Saved data entries

————

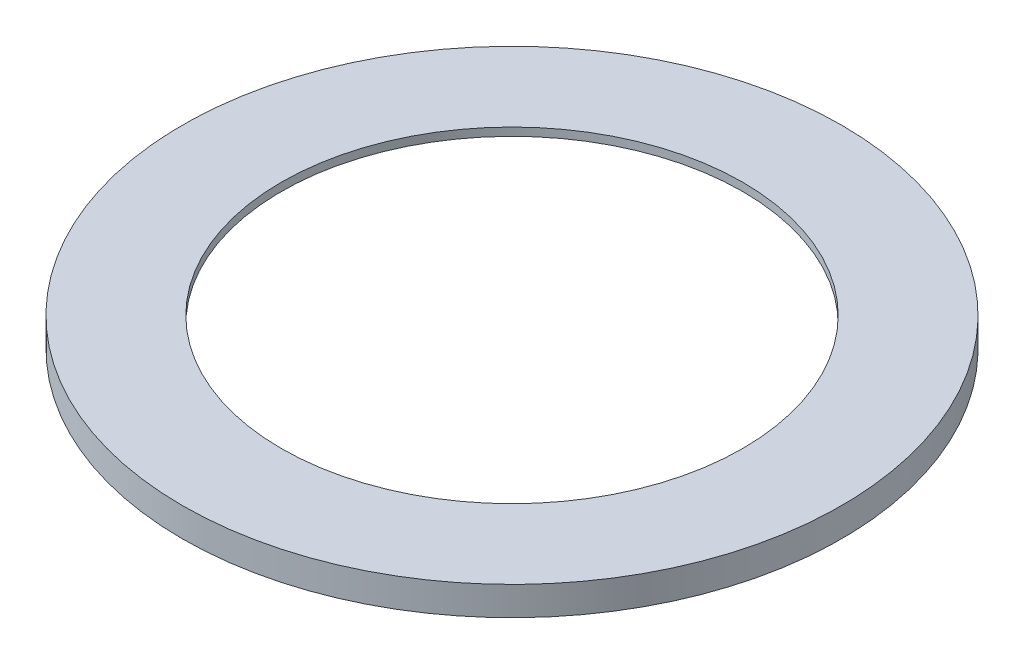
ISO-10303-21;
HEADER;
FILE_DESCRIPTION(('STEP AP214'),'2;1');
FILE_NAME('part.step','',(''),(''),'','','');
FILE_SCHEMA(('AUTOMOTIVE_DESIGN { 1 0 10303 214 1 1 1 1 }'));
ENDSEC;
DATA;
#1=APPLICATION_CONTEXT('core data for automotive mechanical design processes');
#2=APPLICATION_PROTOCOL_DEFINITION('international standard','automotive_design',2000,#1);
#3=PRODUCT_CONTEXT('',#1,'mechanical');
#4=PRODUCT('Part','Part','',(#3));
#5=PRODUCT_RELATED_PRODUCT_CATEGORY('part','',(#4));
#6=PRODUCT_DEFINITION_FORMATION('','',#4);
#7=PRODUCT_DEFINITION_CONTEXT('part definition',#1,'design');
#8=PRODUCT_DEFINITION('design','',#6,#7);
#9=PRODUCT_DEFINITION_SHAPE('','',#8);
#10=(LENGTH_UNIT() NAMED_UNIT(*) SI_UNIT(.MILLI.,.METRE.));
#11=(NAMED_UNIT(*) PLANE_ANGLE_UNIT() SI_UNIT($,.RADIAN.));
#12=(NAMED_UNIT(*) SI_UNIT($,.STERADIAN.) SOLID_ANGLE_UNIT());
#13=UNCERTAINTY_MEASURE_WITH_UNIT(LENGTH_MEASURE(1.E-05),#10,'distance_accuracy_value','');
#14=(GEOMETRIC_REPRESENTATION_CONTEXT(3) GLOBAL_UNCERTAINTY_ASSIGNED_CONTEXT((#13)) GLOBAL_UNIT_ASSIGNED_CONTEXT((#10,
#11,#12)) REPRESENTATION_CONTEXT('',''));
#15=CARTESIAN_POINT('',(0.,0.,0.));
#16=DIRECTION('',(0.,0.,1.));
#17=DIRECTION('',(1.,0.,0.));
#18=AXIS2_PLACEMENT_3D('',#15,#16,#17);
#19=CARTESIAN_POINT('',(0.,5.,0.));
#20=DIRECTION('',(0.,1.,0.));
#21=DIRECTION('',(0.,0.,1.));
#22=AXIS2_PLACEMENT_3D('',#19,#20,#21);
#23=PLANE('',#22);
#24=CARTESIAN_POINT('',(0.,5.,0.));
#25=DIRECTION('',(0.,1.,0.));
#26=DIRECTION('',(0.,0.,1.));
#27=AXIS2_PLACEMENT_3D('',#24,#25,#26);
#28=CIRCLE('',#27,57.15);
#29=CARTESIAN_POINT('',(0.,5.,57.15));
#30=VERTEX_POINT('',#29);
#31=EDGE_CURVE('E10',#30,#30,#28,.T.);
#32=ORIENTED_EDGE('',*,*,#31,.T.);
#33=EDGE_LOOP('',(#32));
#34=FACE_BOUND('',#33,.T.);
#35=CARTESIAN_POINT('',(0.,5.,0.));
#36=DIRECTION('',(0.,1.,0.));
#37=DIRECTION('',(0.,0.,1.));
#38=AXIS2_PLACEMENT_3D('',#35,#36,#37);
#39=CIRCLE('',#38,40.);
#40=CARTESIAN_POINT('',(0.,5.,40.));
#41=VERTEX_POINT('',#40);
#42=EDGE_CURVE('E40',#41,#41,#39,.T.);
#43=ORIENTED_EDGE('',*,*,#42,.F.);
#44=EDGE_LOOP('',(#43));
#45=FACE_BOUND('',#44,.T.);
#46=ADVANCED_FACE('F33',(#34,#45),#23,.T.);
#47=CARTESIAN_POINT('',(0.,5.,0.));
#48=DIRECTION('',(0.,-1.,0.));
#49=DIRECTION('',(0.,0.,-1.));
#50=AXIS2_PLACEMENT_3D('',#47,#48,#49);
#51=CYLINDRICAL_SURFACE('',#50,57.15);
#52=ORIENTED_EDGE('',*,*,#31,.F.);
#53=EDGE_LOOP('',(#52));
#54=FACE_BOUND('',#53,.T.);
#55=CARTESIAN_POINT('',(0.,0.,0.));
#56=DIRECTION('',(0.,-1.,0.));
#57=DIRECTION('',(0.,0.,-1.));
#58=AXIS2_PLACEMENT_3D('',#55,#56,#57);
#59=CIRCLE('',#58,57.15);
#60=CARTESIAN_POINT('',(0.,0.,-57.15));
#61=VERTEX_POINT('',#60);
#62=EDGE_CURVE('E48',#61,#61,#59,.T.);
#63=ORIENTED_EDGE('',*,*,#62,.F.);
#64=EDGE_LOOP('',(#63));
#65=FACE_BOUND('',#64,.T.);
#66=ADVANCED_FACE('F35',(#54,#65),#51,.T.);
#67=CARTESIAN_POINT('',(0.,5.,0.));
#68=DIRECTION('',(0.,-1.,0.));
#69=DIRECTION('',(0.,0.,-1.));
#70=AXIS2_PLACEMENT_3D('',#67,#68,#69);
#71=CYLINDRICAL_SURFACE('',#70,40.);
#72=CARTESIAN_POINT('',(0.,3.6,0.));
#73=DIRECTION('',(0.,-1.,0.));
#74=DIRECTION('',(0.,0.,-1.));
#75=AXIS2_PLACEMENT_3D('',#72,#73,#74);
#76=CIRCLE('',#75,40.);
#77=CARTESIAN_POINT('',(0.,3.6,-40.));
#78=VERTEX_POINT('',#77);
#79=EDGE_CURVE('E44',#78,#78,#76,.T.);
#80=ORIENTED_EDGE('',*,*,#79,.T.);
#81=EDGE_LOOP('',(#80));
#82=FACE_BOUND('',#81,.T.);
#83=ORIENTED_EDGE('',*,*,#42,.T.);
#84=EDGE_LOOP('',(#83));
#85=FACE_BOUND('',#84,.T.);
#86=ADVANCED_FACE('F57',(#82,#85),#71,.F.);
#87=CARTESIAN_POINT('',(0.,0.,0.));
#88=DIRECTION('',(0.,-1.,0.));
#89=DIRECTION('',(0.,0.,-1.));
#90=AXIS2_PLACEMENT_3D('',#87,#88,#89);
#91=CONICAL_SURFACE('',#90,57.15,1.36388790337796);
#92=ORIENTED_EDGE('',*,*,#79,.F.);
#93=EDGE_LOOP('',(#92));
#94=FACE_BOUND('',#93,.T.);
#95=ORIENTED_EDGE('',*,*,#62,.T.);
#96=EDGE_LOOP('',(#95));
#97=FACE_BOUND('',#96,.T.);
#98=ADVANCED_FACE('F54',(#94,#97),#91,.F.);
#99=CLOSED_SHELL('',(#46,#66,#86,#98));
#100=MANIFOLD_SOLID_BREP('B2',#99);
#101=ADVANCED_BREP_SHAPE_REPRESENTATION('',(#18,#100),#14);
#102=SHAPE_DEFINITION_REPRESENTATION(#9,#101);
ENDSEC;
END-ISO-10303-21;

————

• **WORK ORDER**
Your answer must be every record above, word for word, with no pictures.

• **OUTPUT BELOW**
ISO-10303-21;
HEADER;
FILE_DESCRIPTION(('STEP AP214'),'2;1');
FILE_NAME('part.step','',(''),(''),'','','');
FILE_SCHEMA(('AUTOMOTIVE_DESIGN { 1 0 10303 214 1 1 1 1 }'));
ENDSEC;
DATA;
#1=APPLICATION_CONTEXT('core data for automotive mechanical design processes');
#2=APPLICATION_PROTOCOL_DEFINITION('international standard','automotive_design',2000,#1);
#3=PRODUCT_CONTEXT('',#1,'mechanical');
#4=PRODUCT('Part','Part','',(#3));
#5=PRODUCT_RELATED_PRODUCT_CATEGORY('part','',(#4));
#6=PRODUCT_DEFINITION_FORMATION('','',#4);
#7=PRODUCT_DEFINITION_CONTEXT('part definition',#1,'design');
#8=PRODUCT_DEFINITION('design','',#6,#7);
#9=PRODUCT_DEFINITION_SHAPE('','',#8);
#10=(LENGTH_UNIT() NAMED_UNIT(*) SI_UNIT(.MILLI.,.METRE.));
#11=(NAMED_UNIT(*) PLANE_ANGLE_UNIT() SI_UNIT($,.RADIAN.));
#12=(NAMED_UNIT(*) SI_UNIT($,.STERADIAN.) SOLID_ANGLE_UNIT());
#13=UNCERTAINTY_MEASURE_WITH_UNIT(LENGTH_MEASURE(1.E-05),#10,'distance_accuracy_value','');
#14=(GEOMETRIC_REPRESENTATION_CONTEXT(3) GLOBAL_UNCERTAINTY_ASSIGNED_CONTEXT((#13)) GLOBAL_UNIT_ASSIGNED_CONTEXT((#10,
#11,#12)) REPRESENTATION_CONTEXT('',''));
#15=CARTESIAN_POINT('',(0.,0.,0.));
#16=DIRECTION('',(0.,0.,1.));
#17=DIRECTION('',(1.,0.,0.));
#18=AXIS2_PLACEMENT_3D('',#15,#16,#17);
#19=CARTESIAN_POINT('',(0.,5.,0.));
#20=DIRECTION('',(0.,1.,0.));
#21=DIRECTION('',(0.,0.,1.));
#22=AXIS2_PLACEMENT_3D('',#19,#20,#21);
#23=PLANE('',#22);
#24=CARTESIAN_POINT('',(0.,5.,0.));
#25=DIRECTION('',(0.,1.,0.));
#26=DIRECTION('',(0.,0.,1.));
#27=AXIS2_PLACEMENT_3D('',#24,#25,#26);
#28=CIRCLE('',#27,57.15);
#29=CARTESIAN_POINT('',(0.,5.,57.15));
#30=VERTEX_POINT('',#29);
#31=EDGE_CURVE('E10',#30,#30,#28,.T.);
#32=ORIENTED_EDGE('',*,*,#31,.T.);
#33=EDGE_LOOP('',(#32));
#34=FACE_BOUND('',#33,.T.);
#35=CARTESIAN_POINT('',(0.,5.,0.));
#36=DIRECTION('',(0.,1.,0.));
#37=DIRECTION('',(0.,0.,1.));
#38=AXIS2_PLACEMENT_3D('',#35,#36,#37);
#39=CIRCLE('',#38,40.);
#40=CARTESIAN_POINT('',(0.,5.,40.));
#41=VERTEX_POINT('',#40);
#42=EDGE_CURVE('E40',#41,#41,#39,.T.);
#43=ORIENTED_EDGE('',*,*,#42,.F.);
#44=EDGE_LOOP('',(#43));
#45=FACE_BOUND('',#44,.T.);
#46=ADVANCED_FACE('F33',(#34,#45),#23,.T.);
#47=CARTESIAN_POINT('',(0.,5.,0.));
#48=DIRECTION('',(0.,-1.,0.));
#49=DIRECTION('',(0.,0.,-1.));
#50=AXIS2_PLACEMENT_3D('',#47,#48,#49);
#51=CYLINDRICAL_SURFACE('',#50,57.15);
#52=ORIENTED_EDGE('',*,*,#31,.F.);
#53=EDGE_LOOP('',(#52));
#54=FACE_BOUND('',#53,.T.);
#55=CARTESIAN_POINT('',(0.,0.,0.));
#56=DIRECTION('',(0.,-1.,0.));
#57=DIRECTION('',(0.,0.,-1.));
#58=AXIS2_PLACEMENT_3D('',#55,#56,#57);
#59=CIRCLE('',#58,57.15);
#60=CARTESIAN_POINT('',(0.,0.,-57.15));
#61=VERTEX_POINT('',#60);
#62=EDGE_CURVE('E48',#61,#61,#59,.T.);
#63=ORIENTED_EDGE('',*,*,#62,.F.);
#64=EDGE_LOOP('',(#63));
#65=FACE_BOUND('',#64,.T.);
#66=ADVANCED_FACE('F35',(#54,#65),#51,.T.);
#67=CARTESIAN_POINT('',(0.,5.,0.));
#68=DIRECTION('',(0.,-1.,0.));
#69=DIRECTION('',(0.,0.,-1.));
#70=AXIS2_PLACEMENT_3D('',#67,#68,#69);
#71=CYLINDRICAL_SURFACE('',#70,40.);
#72=CARTESIAN_POINT('',(0.,3.6,0.));
#73=DIRECTION('',(0.,-1.,0.));
#74=DIRECTION('',(0.,0.,-1.));
#75=AXIS2_PLACEMENT_3D('',#72,#73,#74);
#76=CIRCLE('',#75,40.);
#77=CARTESIAN_POINT('',(0.,3.6,-40.));
#78=VERTEX_POINT('',#77);
#79=EDGE_CURVE('E44',#78,#78,#76,.T.);
#80=ORIENTED_EDGE('',*,*,#79,.T.);
#81=EDGE_LOOP('',(#80));
#82=FACE_BOUND('',#81,.T.);
#83=ORIENTED_EDGE('',*,*,#42,.T.);
#84=EDGE_LOOP('',(#83));
#85=FACE_BOUND('',#84,.T.);
#86=ADVANCED_FACE('F57',(#82,#85),#71,.F.);
#87=CARTESIAN_POINT('',(0.,0.,0.));
#88=DIRECTION('',(0.,-1.,0.));
#89=DIRECTION('',(0.,0.,-1.));
#90=AXIS2_PLACEMENT_3D('',#87,#88,#89);
#91=CONICAL_SURFACE('',#90,57.15,1.36388790337796);
#92=ORIENTED_EDGE('',*,*,#79,.F.);
#93=EDGE_LOOP('',(#92));
#94=FACE_BOUND('',#93,.T.);
#95=ORIENTED_EDGE('',*,*,#62,.T.);
#96=EDGE_LOOP('',(#95));
#97=FACE_BOUND('',#96,.T.);
#98=ADVANCED_FACE('F54',(#94,#97),#91,.F.);
#99=CLOSED_SHELL('',(#46,#66,#86,#98));
#100=MANIFOLD_SOLID_BREP('B2',#99);
#101=ADVANCED_BREP_SHAPE_REPRESENTATION('',(#18,#100),#14);
#102=SHAPE_DEFINITION_REPRESENTATION(#9,#101);
ENDSEC;
END-ISO-10303-21;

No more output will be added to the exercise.